WHAT THE TASK ASKS: Starting at the first line and ending at the one with "line L894 (1358.36, 22.8575)", give the lines of the listing again exactly, and nothing else; skip the pictures.

EXERCISE INPUT:
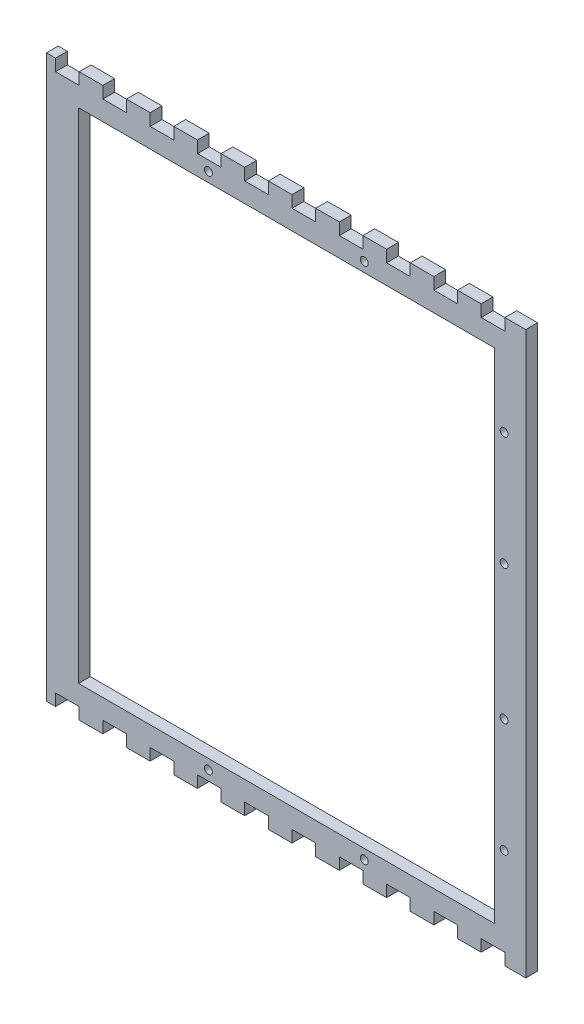
SolidWorks part; units mm, degrees
ref_plane "Front Plane" through (0, 0, 0) normal (0, 0, 1) x (1, 0, 0)
ref_plane "Top Plane" through (0, 0, 0) normal (0, 1, 0) x (1, 0, 0)
ref_plane "Right Plane" through (0, 0, 0) normal (1, 0, 0) x (0, 0, -1)
sketch "Model" plane through (0, 0, 0) normal (0, 0, 1) x (1, 0, 0)
  line L857 (1148.22, 22.8575) -> (1152.62, 22.8575)
  line L858 (1152.62, 22.8575) -> (1152.62, 28.5722)
  line L859 (1152.62, 28.5722) -> (1164.05, 28.5722)
  line L860 (1164.05, 28.5722) -> (1164.05, 22.8575)
  line L861 (1164.05, 22.8575) -> (1175.48, 22.8575)
  line L862 (1175.48, 22.8575) -> (1175.48, 28.5722)
  line L863 (1175.48, 28.5722) -> (1186.91, 28.5722)
  line L864 (1186.91, 28.5722) -> (1186.91, 22.8575)
  line L865 (1186.91, 22.8575) -> (1198.34, 22.8575)
  line L866 (1198.34, 22.8575) -> (1198.34, 28.5722)
  line L867 (1198.34, 28.5722) -> (1209.77, 28.5722)
  line L868 (1209.77, 28.5722) -> (1209.77, 22.8575)
  line L869 (1209.77, 22.8575) -> (1221.2, 22.8575)
  line L870 (1221.2, 22.8575) -> (1221.2, 28.5722)
  line L871 (1221.2, 28.5722) -> (1232.63, 28.5722)
  line L872 (1232.63, 28.5722) -> (1232.63, 22.8575)
  line L873 (1232.63, 22.8575) -> (1244.06, 22.8575)
  line L874 (1244.06, 22.8575) -> (1244.06, 28.5722)
  line L875 (1244.06, 28.5722) -> (1255.49, 28.5722)
  line L876 (1255.49, 28.5722) -> (1255.49, 22.8575)
  line L877 (1255.49, 22.8575) -> (1266.92, 22.8575)
  line L878 (1266.92, 22.8575) -> (1266.92, 28.5722)
  line L879 (1266.92, 28.5722) -> (1278.35, 28.5722)
  line L880 (1278.35, 28.5722) -> (1278.35, 22.8575)
  line L881 (1278.35, 22.8575) -> (1289.78, 22.8575)
  line L882 (1289.78, 22.8575) -> (1289.78, 28.5722)
  line L883 (1289.78, 28.5722) -> (1301.21, 28.5722)
  line L884 (1301.21, 28.5722) -> (1301.21, 22.8575)
  line L885 (1301.21, 22.8575) -> (1312.64, 22.8575)
  line L886 (1312.64, 22.8575) -> (1312.64, 28.5722)
  line L887 (1312.64, 28.5722) -> (1324.07, 28.5722)
  line L888 (1324.07, 28.5722) -> (1324.07, 22.8575)
  line L889 (1324.07, 22.8575) -> (1335.5, 22.8575)
  line L890 (1335.5, 22.8575) -> (1335.5, 28.5722)
  line L891 (1335.5, 28.5722) -> (1346.93, 28.5722)
  line L892 (1346.93, 28.5722) -> (1346.93, 22.8575)
  line L893 (1346.93, 22.8575) -> (1358.36, 22.8575)
  line L894 (1358.36, 22.8575) -> (1358.36, 28.5722)
  line L895 (1358.36, 28.5722) -> (1369.79, 28.5722)
  line L896 (1369.79, 28.5722) -> (1369.79, 22.8575)
  line L897 (1369.79, 22.8575) -> (1374.18, 22.8575)
  line L898 (1374.18, 22.8575) -> (1379.9, 22.8575)
  line L899 (1379.9, 22.8575) -> (1379.9, 28.5722)
  line L900 (1379.9, 28.5722) -> (1379.9, 288.572)
  line L901 (1379.9, 288.572) -> (1379.9, 294.287)
  line L902 (1379.9, 294.287) -> (1374.18, 294.287)
  line L903 (1374.18, 294.287) -> (1369.79, 294.287)
  line L904 (1369.79, 294.287) -> (1369.79, 288.572)
  line L905 (1369.79, 288.572) -> (1358.36, 288.572)
  line L906 (1358.36, 288.572) -> (1358.36, 294.287)
  line L907 (1358.36, 294.287) -> (1346.93, 294.287)
  line L908 (1346.93, 294.287) -> (1346.93, 288.572)
  line L909 (1346.93, 288.572) -> (1335.5, 288.572)
  line L910 (1335.5, 288.572) -> (1335.5, 294.287)
  line L911 (1335.5, 294.287) -> (1324.07, 294.287)
  line L912 (1324.07, 294.287) -> (1324.07, 288.572)
  line L913 (1324.07, 288.572) -> (1312.64, 288.572)
  line L914 (1312.64, 288.572) -> (1312.64, 294.287)
  line L915 (1312.64, 294.287) -> (1301.21, 294.287)
  line L916 (1301.21, 294.287) -> (1301.21, 288.572)
  line L917 (1301.21, 288.572) -> (1289.78, 288.572)
  line L918 (1289.78, 288.572) -> (1289.78, 294.287)
  line L919 (1289.78, 294.287) -> (1278.35, 294.287)
  line L920 (1278.35, 294.287) -> (1278.35, 288.572)
  line L921 (1278.35, 288.572) -> (1266.92, 288.572)
  line L922 (1266.92, 288.572) -> (1266.92, 294.287)
  line L923 (1266.92, 294.287) -> (1255.49, 294.287)
  line L924 (1255.49, 294.287) -> (1255.49, 288.572)
  line L925 (1255.49, 288.572) -> (1244.06, 288.572)
  line L926 (1244.06, 288.572) -> (1244.06, 294.287)
  line L927 (1244.06, 294.287) -> (1232.63, 294.287)
  line L928 (1232.63, 294.287) -> (1232.63, 288.572)
  line L929 (1232.63, 288.572) -> (1221.2, 288.572)
  line L930 (1221.2, 288.572) -> (1221.2, 294.287)
  line L931 (1221.2, 294.287) -> (1209.77, 294.287)
  line L932 (1209.77, 294.287) -> (1209.77, 288.572)
  line L933 (1209.77, 288.572) -> (1198.34, 288.572)
  line L934 (1198.34, 288.572) -> (1198.34, 294.287)
  line L935 (1198.34, 294.287) -> (1186.91, 294.287)
  line L936 (1186.91, 294.287) -> (1186.91, 288.572)
  line L937 (1186.91, 288.572) -> (1175.48, 288.572)
  line L938 (1175.48, 288.572) -> (1175.48, 294.287)
  line L939 (1175.48, 294.287) -> (1164.05, 294.287)
  line L940 (1164.05, 294.287) -> (1164.05, 288.572)
  line L941 (1164.05, 288.572) -> (1152.62, 288.572)
  line L942 (1152.62, 288.572) -> (1152.62, 294.287)
  line L943 (1152.62, 294.287) -> (1148.22, 294.287)
  line L944 (1148.22, 294.287) -> (1148.22, 288.572)
  line L945 (1148.22, 288.572) -> (1148.22, 28.5722)
  line L946 (1148.22, 28.5722) -> (1148.22, 22.8575)
extrude "Boss-Extrude1" add sketch "Model" along normal blind 5.715
sketch "Sketch1" plane through (0, 0, 0) normal (0, 0, -1) x (-1, 0, 0)
  line L8 (-1163.685, 279.0723) -> (-1364.685, 279.0723)
  line L9 (-1163.685, 38.0723) -> (-1163.685, 279.0723)
  line L10 (-1364.685, 38.0723) -> (-1163.685, 38.0723)
  line L11 (-1364.685, 279.0723) -> (-1364.685, 38.0723)
  line L12 (-1163.685, 279.0723) -> (-1364.685, 279.0723)
  line L13 (-1163.685, 38.0723) -> (-1163.685, 279.0723)
  line L14 (-1364.685, 38.0723) -> (-1163.685, 38.0723)
  line L15 (-1364.685, 279.0723) -> (-1364.685, 38.0723)
  dimension "D1" = 0.5
extrude "Cut-Extrude1" cut sketch "Sketch1" against normal through all
sketch "Sketch2" plane through (0, 0, 0) normal (0, 0, -1) x (-1, 0, 0)
  line L0 (-1364.075, 288.572) -> (-1364.075, 279.0723) construction
  line L1 (-1369.79, 288.572) -> (-1358.36, 288.572) construction
  line L2 (-1163.685, 279.0723) -> (-1364.685, 279.0723) construction
  line L3 (-1379.9, 283.8221) -> (-1148.22, 283.8221) construction
  line L4 (-1379.9, 22.8575) -> (-1379.9, 294.287) construction
  line L5 (-1148.22, 294.287) -> (-1148.22, 22.8575) construction
  line L6 (-1379.9, 158.5722) -> (-1148.22, 158.5722) construction
  line L7 (-1264.185, 271.0723) -> (-1264.185, 283.8221) construction
  line L8 (-1341.185, 271.0723) -> (-1291.8517, 271.0723) construction
  line L9 (-1341.185, 277.572) -> (-1341.185, 264.572) construction
  line L10 (-1291.8517, 277.572) -> (-1291.8517, 264.572) construction
  line L11 (-1301.8517, 271.0723) -> (-1301.8517, 283.8221) construction
  point P6 (-1364.075, 283.8221)
  point P15 (-1301.8517, 283.8221)
  point P16 (-1264.185, 271.0723)
  point P17 (-1301.8517, 271.0723)
  point P31 (-1226.5183, 283.8221)
  point P32 (-1226.5183, 33.3224)
  point P34 (-1301.8517, 33.3224)
  dimension "D1" = 10
hole_wizard "CSK for #6 Flat Head Machine Screw (100)1" positions "Sketch3" profile "Sketch4" countersink size "#6" standard "ANSI Inch" end condition through all
sketch "Sketch3" plane through (0, 0, 0) normal (0, 0, -1) x (-1, 0, 0)
  point P0 (-1301.8517, 283.8221)
  point P3 (-1226.5183, 283.8221)
  point P6 (-1226.5183, 33.3224)
  point P9 (-1301.8517, 33.3224)
sketch "Sketch4" plane through (1301.8517, 283.8221, 0) normal (1, 0, 0) x (0, 1, 0)
  line L0 (0, 0) -> (0, 5.715)
  line L1 (0, 5.715) -> (1.8986, 5.715)
  line L2 (1.8986, 5.715) -> (1.8986, 1.38)
  line L3 (1.8986, 1.38) -> (3.5433, 0)
  line L5 (3.5433, 0) -> (0, 0)
  line L6 (-1.8986, 1.38) -> (-3.5433, 0) construction
  line L11 (0, -6.35) -> (0, 107.95) construction
  dimension "Thru Hole Dia." = 3.7973
  dimension "Thru Hole Depth" = 5.715
  dimension "Near C'Sink Dia." = 7.0866
  dimension "Near C'Sink Angle" = 100
sketch "Sketch5" plane through (0, 0, 0) normal (0, 0, -1) x (-1, 0, 0)
  point P0 (-1369.435, 246.0721)
  point P1 (-1369.435, 191.0721)
  point P3 (-1369.435, 71.0721)
  point P5 (-1369.435, 126.0721)
hole_wizard "CSK for #6 Flat Head Machine Screw (100)2" positions "Sketch6" profile "Sketch7" countersink size "#6" standard "ANSI Inch" end condition through all
sketch "Sketch6" plane through (0, 0, 0) normal (0, 0, -1) x (-1, 0, 0)
  point P0 (-1369.435, 246.0721)
  point P3 (-1369.435, 191.0721)
  point P6 (-1369.435, 126.0721)
  point P9 (-1369.435, 71.0721)
sketch "Sketch7" plane through (1369.435, 246.0721, 0) normal (1, 0, 0) x (0, 1, 0)
  line L0 (0, 0) -> (0, 5.715)
  line L1 (0, 5.715) -> (1.8986, 5.715)
  line L2 (1.8986, 5.715) -> (1.8986, 1.38)
  line L3 (1.8986, 1.38) -> (3.5433, 0)
  line L5 (3.5433, 0) -> (0, 0)
  line L6 (-1.8986, 1.38) -> (-3.5433, 0) construction
  line L11 (0, -6.35) -> (0, 107.95) construction
  dimension "Thru Hole Dia." = 3.7973
  dimension "Thru Hole Depth" = 5.715
  dimension "Near C'Sink Dia." = 7.0866
  dimension "Near C'Sink Angle" = 100

RESPONSE FOR THIS EXERCISE:
SolidWorks part; units mm, degrees
ref_plane "Front Plane" through (0, 0, 0) normal (0, 0, 1) x (1, 0, 0)
ref_plane "Top Plane" through (0, 0, 0) normal (0, 1, 0) x (1, 0, 0)
ref_plane "Right Plane" through (0, 0, 0) normal (1, 0, 0) x (0, 0, -1)
sketch "Model" plane through (0, 0, 0) normal (0, 0, 1) x (1, 0, 0)
  line L857 (1148.22, 22.8575) -> (1152.62, 22.8575)
  line L858 (1152.62, 22.8575) -> (1152.62, 28.5722)
  line L859 (1152.62, 28.5722) -> (1164.05, 28.5722)
  line L860 (1164.05, 28.5722) -> (1164.05, 22.8575)
  line L861 (1164.05, 22.8575) -> (1175.48, 22.8575)
  line L862 (1175.48, 22.8575) -> (1175.48, 28.5722)
  line L863 (1175.48, 28.5722) -> (1186.91, 28.5722)
  line L864 (1186.91, 28.5722) -> (1186.91, 22.8575)
  line L865 (1186.91, 22.8575) -> (1198.34, 22.8575)
  line L866 (1198.34, 22.8575) -> (1198.34, 28.5722)
  line L867 (1198.34, 28.5722) -> (1209.77, 28.5722)
  line L868 (1209.77, 28.5722) -> (1209.77, 22.8575)
  line L869 (1209.77, 22.8575) -> (1221.2, 22.8575)
  line L870 (1221.2, 22.8575) -> (1221.2, 28.5722)
  line L871 (1221.2, 28.5722) -> (1232.63, 28.5722)
  line L872 (1232.63, 28.5722) -> (1232.63, 22.8575)
  line L873 (1232.63, 22.8575) -> (1244.06, 22.8575)
  line L874 (1244.06, 22.8575) -> (1244.06, 28.5722)
  line L875 (1244.06, 28.5722) -> (1255.49, 28.5722)
  line L876 (1255.49, 28.5722) -> (1255.49, 22.8575)
  line L877 (1255.49, 22.8575) -> (1266.92, 22.8575)
  line L878 (1266.92, 22.8575) -> (1266.92, 28.5722)
  line L879 (1266.92, 28.5722) -> (1278.35, 28.5722)
  line L880 (1278.35, 28.5722) -> (1278.35, 22.8575)
  line L881 (1278.35, 22.8575) -> (1289.78, 22.8575)
  line L882 (1289.78, 22.8575) -> (1289.78, 28.5722)
  line L883 (1289.78, 28.5722) -> (1301.21, 28.5722)
  line L884 (1301.21, 28.5722) -> (1301.21, 22.8575)
  line L885 (1301.21, 22.8575) -> (1312.64, 22.8575)
  line L886 (1312.64, 22.8575) -> (1312.64, 28.5722)
  line L887 (1312.64, 28.5722) -> (1324.07, 28.5722)
  line L888 (1324.07, 28.5722) -> (1324.07, 22.8575)
  line L889 (1324.07, 22.8575) -> (1335.5, 22.8575)
  line L890 (1335.5, 22.8575) -> (1335.5, 28.5722)
  line L891 (1335.5, 28.5722) -> (1346.93, 28.5722)
  line L892 (1346.93, 28.5722) -> (1346.93, 22.8575)
  line L893 (1346.93, 22.8575) -> (1358.36, 22.8575)
  line L894 (1358.36, 22.8575) -> (1358.36, 28.5722)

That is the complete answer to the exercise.